What the exercise asks: Every record below must be returned word for word, with the pictures left out.

Task data:

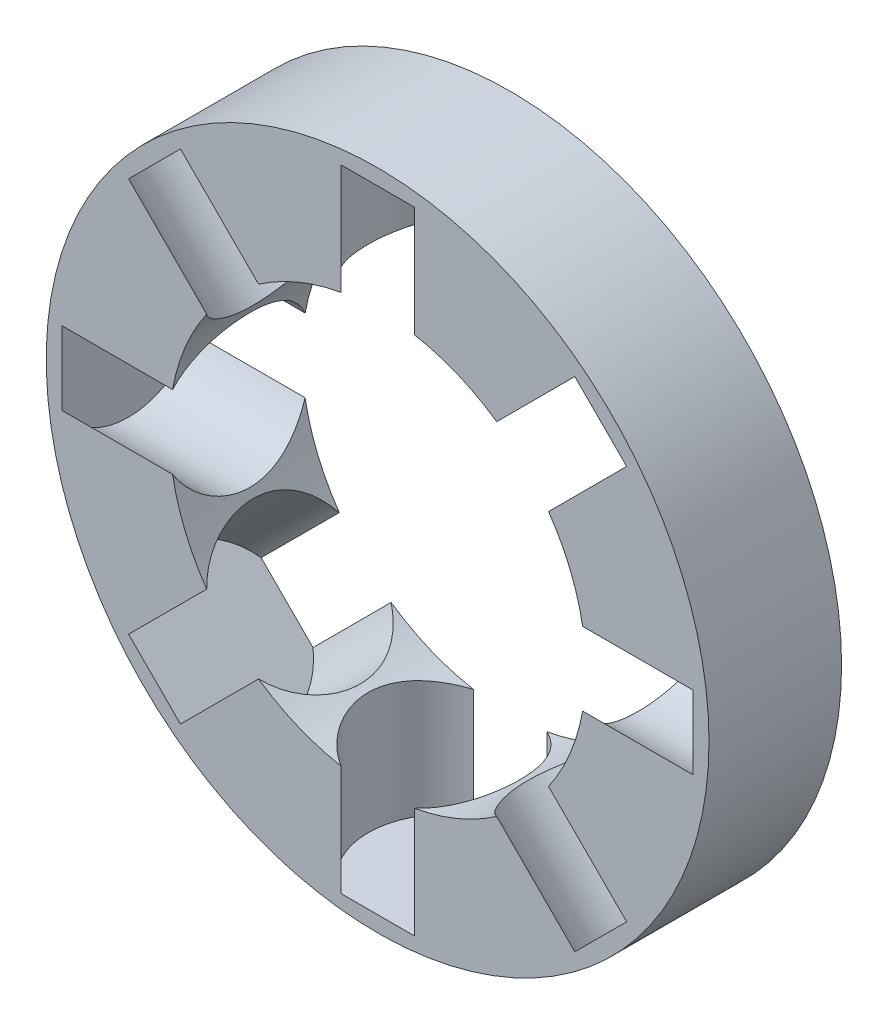
from build123d import *

# Parameters (mm, degrees)
SKETCH1_R           = 17.5
SKETCH1_R_2         = 11
BOSS_EXTRUDE1_DEPTH = 3.5
SKETCH4_R           = 4
CUT_EXTRUDE1_DEPTH  = 6.5
CIRPATTERN1_COUNT   = 8


with BuildPart() as part:
    # Sketch1 → Boss-Extrude1 (new, symmetric)
    with BuildSketch(Plane.XY):
        Circle(SKETCH1_R)
        Circle(SKETCH1_R_2, mode=Mode.SUBTRACT)
    extrude(amount=BOSS_EXTRUDE1_DEPTH, both=True)

    # Sketch4 → Cut-Extrude1 (cut)
    with BuildSketch(Plane(origin=(-10.162674858, 0, 0), x_dir=(0, 0, -1), z_dir=(1, 0, 0))):
        Circle(SKETCH4_R)
    cut_extrude1 = extrude(amount=-CUT_EXTRUDE1_DEPTH, mode=Mode.SUBTRACT)

    # CirPattern1: Cut-Extrude1 ×8 about axis
    cirpattern1_axis = Axis((0, 0, 3.5), (0, 0, -1))
    for i in range(1, CIRPATTERN1_COUNT):
        add(cut_extrude1.rotate(cirpattern1_axis, i * 360 / CIRPATTERN1_COUNT), mode=Mode.SUBTRACT)


solid = part.part
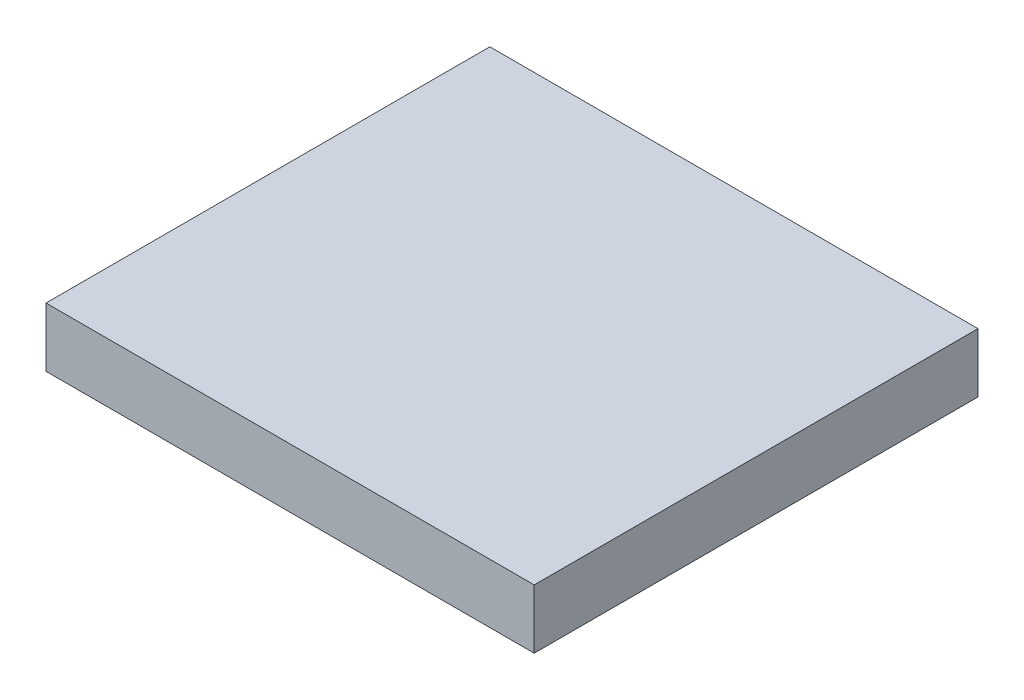
from build123d import *

# Parameters (mm, degrees)
SKETCH1_W                     = 41.91
SKETCH1_H                     = 38.1
BOSS_EXTRUDE1_DEPTH           = 5.08
TAP_DRILL_FOR_4_48_TAP1_D     = 2.3749
TAP_DRILL_FOR_4_48_TAP1_DEPTH = 10.16
TAP_DRILL_FOR_4_48_TAP1_TIP   = 0.713491942


with BuildPart() as part:
    # Sketch1 → Boss-Extrude1 (new body)
    with BuildSketch(Plane(origin=(0, 0, 0), x_dir=(1, 0, 0), z_dir=(0, 1, 0))):
        with Locations((-4.30427027, -8.5725)):
            Rectangle(SKETCH1_W, SKETCH1_H)
    extrude(amount=BOSS_EXTRUDE1_DEPTH)

    # Tap Drill for #4-48 Tap1
    with Locations(Plane.ZY.offset(25.25927027)):
        with Locations((-0.3175, 2.422722957), (22.5425, 2.422722957)):
            Hole(TAP_DRILL_FOR_4_48_TAP1_D / 2, depth=TAP_DRILL_FOR_4_48_TAP1_DEPTH)
            with Locations((0, 0, -(TAP_DRILL_FOR_4_48_TAP1_DEPTH + TAP_DRILL_FOR_4_48_TAP1_TIP / 2))):  # 118° drill point
                Cone(0, TAP_DRILL_FOR_4_48_TAP1_D / 2, TAP_DRILL_FOR_4_48_TAP1_TIP, mode=Mode.SUBTRACT)


solid = part.part
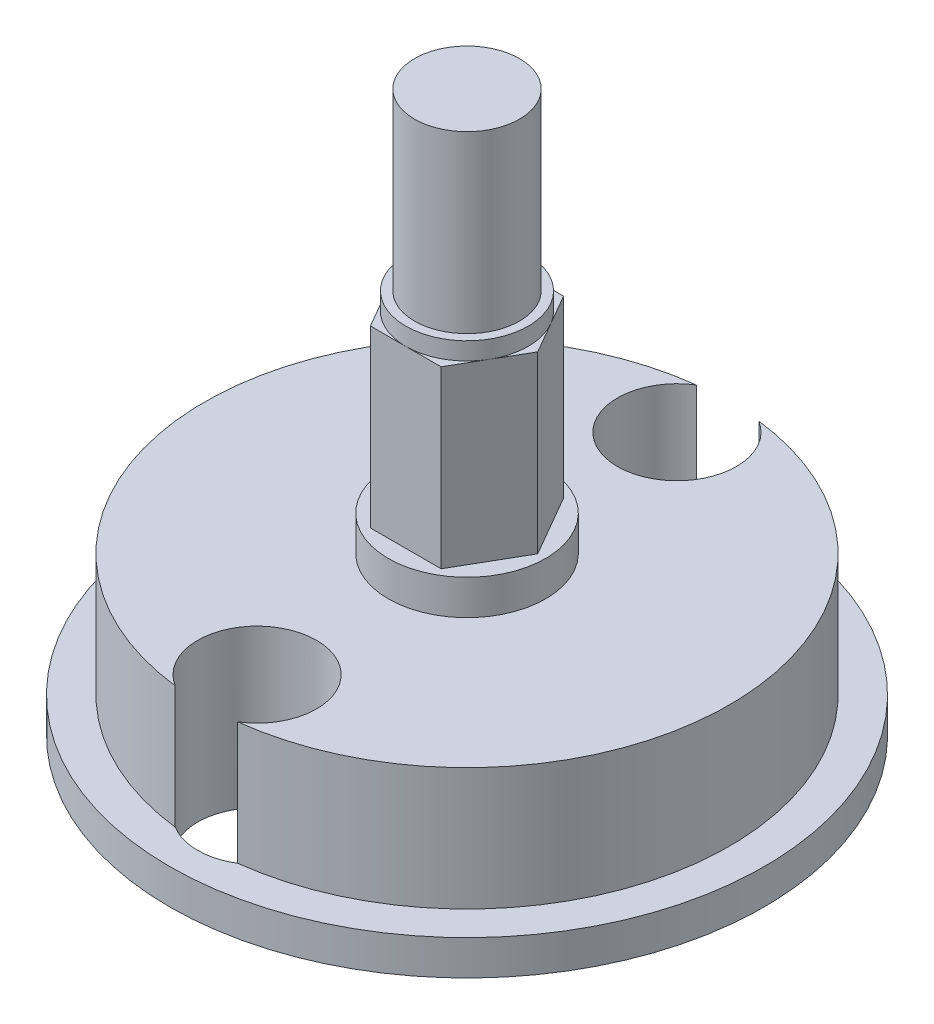
from build123d import *

# Parameters (mm, degrees)
SKETCH_1_R         = 7.5
EXTRUDE_1_DEPTH    = 4.5
SKETCH_9_R         = 2.25
EXTRUDE_6_DEPTH    = 1
EXTRUDE_2_DEPTH    = 5
SKETCH_6_R         = 1.75
EXTRUDE_3_DEPTH    = 0.5
SKETCH_7_R         = 1.5
EXTRUDE_4_DEPTH    = 5
SKETCH_8_R         = 8.5
SKETCH_8_R_2       = 7.5
EXTRUDE_5_DEPTH    = 1
HOLE_WIZARD_M3_1_D = 3.4


with BuildPart() as part:
    # ｽｹｯﾁ1 → ﾎﾞｽ - 押し出し1 (new body)
    with BuildSketch(Plane(origin=(0, 0, 0), x_dir=(1, 0, 0), z_dir=(0, 1, 0))):
        Circle(SKETCH_1_R)
    extrude(amount=EXTRUDE_1_DEPTH)

    # ｽｹｯﾁ9 → ﾎﾞｽ - 押し出し6 (add)
    with BuildSketch(Plane(origin=(0, 4.5, 0), x_dir=(1, 0, 0), z_dir=(0, 1, 0))):
        Circle(SKETCH_9_R)
    extrude(amount=EXTRUDE_6_DEPTH)

    # ｽｹｯﾁ2 → ﾎﾞｽ - 押し出し2 (add)
    with BuildSketch(Plane(origin=(0, 5.5, 0), x_dir=(1, 0, 0), z_dir=(0, 1, 0))):
        Polygon((2.020725942, 0), (1.010362971, 1.75), (-1.010362971, 1.75), (-2.020725942, 0), (-1.010362971, -1.75), (1.010362971, -1.75), align=None)
    extrude(amount=EXTRUDE_2_DEPTH)

    # ｽｹｯﾁ6 → ﾎﾞｽ - 押し出し3 (add)
    with BuildSketch(Plane(origin=(0, 10.5, 0), x_dir=(1, 0, 0), z_dir=(0, 1, 0))):
        Circle(SKETCH_6_R)
    extrude(amount=EXTRUDE_3_DEPTH)

    # ｽｹｯﾁ7 → ﾎﾞｽ - 押し出し4 (add)
    with BuildSketch(Plane(origin=(0, 11, 0), x_dir=(1, 0, 0), z_dir=(0, 1, 0))):
        Circle(SKETCH_7_R)
    extrude(amount=EXTRUDE_4_DEPTH)

    # ｽｹｯﾁ8 → ﾎﾞｽ - 押し出し5 (add)
    with BuildSketch(Plane(origin=(0, 0, 0), x_dir=(-1, 0, 0), z_dir=(0, -1, 0))):
        Circle(SKETCH_8_R)
        Circle(SKETCH_8_R_2, mode=Mode.SUBTRACT)
    extrude(amount=-EXTRUDE_5_DEPTH)

    # M3 すきま穴1 (through all)
    with Locations(Plane(origin=(0, 4.5, 0), x_dir=(1, 0, 0), z_dir=(0, 1, 0))):
        with Locations((0, 6), (0, -6)):
            Hole(HOLE_WIZARD_M3_1_D / 2)


solid = part.part

Solution below:
from build123d import *

# Parameters (mm, degrees)
SKETCH1_R           = 17.5
SKETCH1_R_2         = 11
BOSS_EXTRUDE1_DEPTH = 3.5
SKETCH4_R           = 4
CUT_EXTRUDE1_DEPTH  = 6.5
CIRPATTERN1_COUNT   = 8


with BuildPart() as part:
    # Sketch1 → Boss-Extrude1 (new, symmetric)
    with BuildSketch(Plane.XY):
        Circle(SKETCH1_R)
        Circle(SKETCH1_R_2, mode=Mode.SUBTRACT)
    extrude(amount=BOSS_EXTRUDE1_DEPTH, both=True)

    # Sketch4 → Cut-Extrude1 (cut)
    with BuildSketch(Plane(origin=(-10.162674858, 0, 0), x_dir=(0, 0, -1), z_dir=(1, 0, 0))):
        Circle(SKETCH4_R)
    cut_extrude1 = extrude(amount=-CUT_EXTRUDE1_DEPTH, mode=Mode.SUBTRACT)

    # CirPattern1: Cut-Extrude1 ×8 about axis
    cirpattern1_axis = Axis((0, 0, 3.5), (0, 0, -1))
    for i in range(1, CIRPATTERN1_COUNT):
        add(cut_extrude1.rotate(cirpattern1_axis, i * 360 / CIRPATTERN1_COUNT), mode=Mode.SUBTRACT)


solid = part.part
from build123d import *

# Parameters (mm, degrees)
SKETCH1_W                     = 41.91
SKETCH1_H                     = 38.1
BOSS_EXTRUDE1_DEPTH           = 5.08
TAP_DRILL_FOR_4_48_TAP1_D     = 2.3749
TAP_DRILL_FOR_4_48_TAP1_DEPTH = 10.16
TAP_DRILL_FOR_4_48_TAP1_TIP   = 0.713491942


with BuildPart() as part:
    # Sketch1 → Boss-Extrude1 (new body)
    with BuildSketch(Plane(origin=(0, 0, 0), x_dir=(1, 0, 0), z_dir=(0, 1, 0))):
        with Locations((-4.30427027, -8.5725)):
            Rectangle(SKETCH1_W, SKETCH1_H)
    extrude(amount=BOSS_EXTRUDE1_DEPTH)

    # Tap Drill for #4-48 Tap1
    with Locations(Plane.ZY.offset(25.25927027)):
        with Locations((-0.3175, 2.422722957), (22.5425, 2.422722957)):
            Hole(TAP_DRILL_FOR_4_48_TAP1_D / 2, depth=TAP_DRILL_FOR_4_48_TAP1_DEPTH)
            with Locations((0, 0, -(TAP_DRILL_FOR_4_48_TAP1_DEPTH + TAP_DRILL_FOR_4_48_TAP1_TIP / 2))):  # 118° drill point
                Cone(0, TAP_DRILL_FOR_4_48_TAP1_D / 2, TAP_DRILL_FOR_4_48_TAP1_TIP, mode=Mode.SUBTRACT)


solid = part.part
from build123d import *

# Parameters (mm, degrees)
SKETCH_1_R         = 7.5
EXTRUDE_1_DEPTH    = 4.5
SKETCH_9_R         = 2.25
EXTRUDE_6_DEPTH    = 1
EXTRUDE_2_DEPTH    = 5
SKETCH_6_R         = 1.75
EXTRUDE_3_DEPTH    = 0.5
SKETCH_7_R         = 1.5
EXTRUDE_4_DEPTH    = 5
SKETCH_8_R         = 8.5
SKETCH_8_R_2       = 7.5
EXTRUDE_5_DEPTH    = 1
HOLE_WIZARD_M3_1_D = 3.4


with BuildPart() as part:
    # ｽｹｯﾁ1 → ﾎﾞｽ - 押し出し1 (new body)
    with BuildSketch(Plane(origin=(0, 0, 0), x_dir=(1, 0, 0), z_dir=(0, 1, 0))):
        Circle(SKETCH_1_R)
    extrude(amount=EXTRUDE_1_DEPTH)

    # ｽｹｯﾁ9 → ﾎﾞｽ - 押し出し6 (add)
    with BuildSketch(Plane(origin=(0, 4.5, 0), x_dir=(1, 0, 0), z_dir=(0, 1, 0))):
        Circle(SKETCH_9_R)
    extrude(amount=EXTRUDE_6_DEPTH)

    # ｽｹｯﾁ2 → ﾎﾞｽ - 押し出し2 (add)
    with BuildSketch(Plane(origin=(0, 5.5, 0), x_dir=(1, 0, 0), z_dir=(0, 1, 0))):
        Polygon((2.020725942, 0), (1.010362971, 1.75), (-1.010362971, 1.75), (-2.020725942, 0), (-1.010362971, -1.75), (1.010362971, -1.75), align=None)
    extrude(amount=EXTRUDE_2_DEPTH)

    # ｽｹｯﾁ6 → ﾎﾞｽ - 押し出し3 (add)
    with BuildSketch(Plane(origin=(0, 10.5, 0), x_dir=(1, 0, 0), z_dir=(0, 1, 0))):
        Circle(SKETCH_6_R)
    extrude(amount=EXTRUDE_3_DEPTH)

    # ｽｹｯﾁ7 → ﾎﾞｽ - 押し出し4 (add)
    with BuildSketch(Plane(origin=(0, 11, 0), x_dir=(1, 0, 0), z_dir=(0, 1, 0))):
        Circle(SKETCH_7_R)
    extrude(amount=EXTRUDE_4_DEPTH)

    # ｽｹｯﾁ8 → ﾎﾞｽ - 押し出し5 (add)
    with BuildSketch(Plane(origin=(0, 0, 0), x_dir=(-1, 0, 0), z_dir=(0, -1, 0))):
        Circle(SKETCH_8_R)
        Circle(SKETCH_8_R_2, mode=Mode.SUBTRACT)
    extrude(amount=-EXTRUDE_5_DEPTH)

    # M3 すきま穴1 (through all)
    with Locations(Plane(origin=(0, 4.5, 0), x_dir=(1, 0, 0), z_dir=(0, 1, 0))):
        with Locations((0, 6), (0, -6)):
            Hole(HOLE_WIZARD_M3_1_D / 2)


solid = part.part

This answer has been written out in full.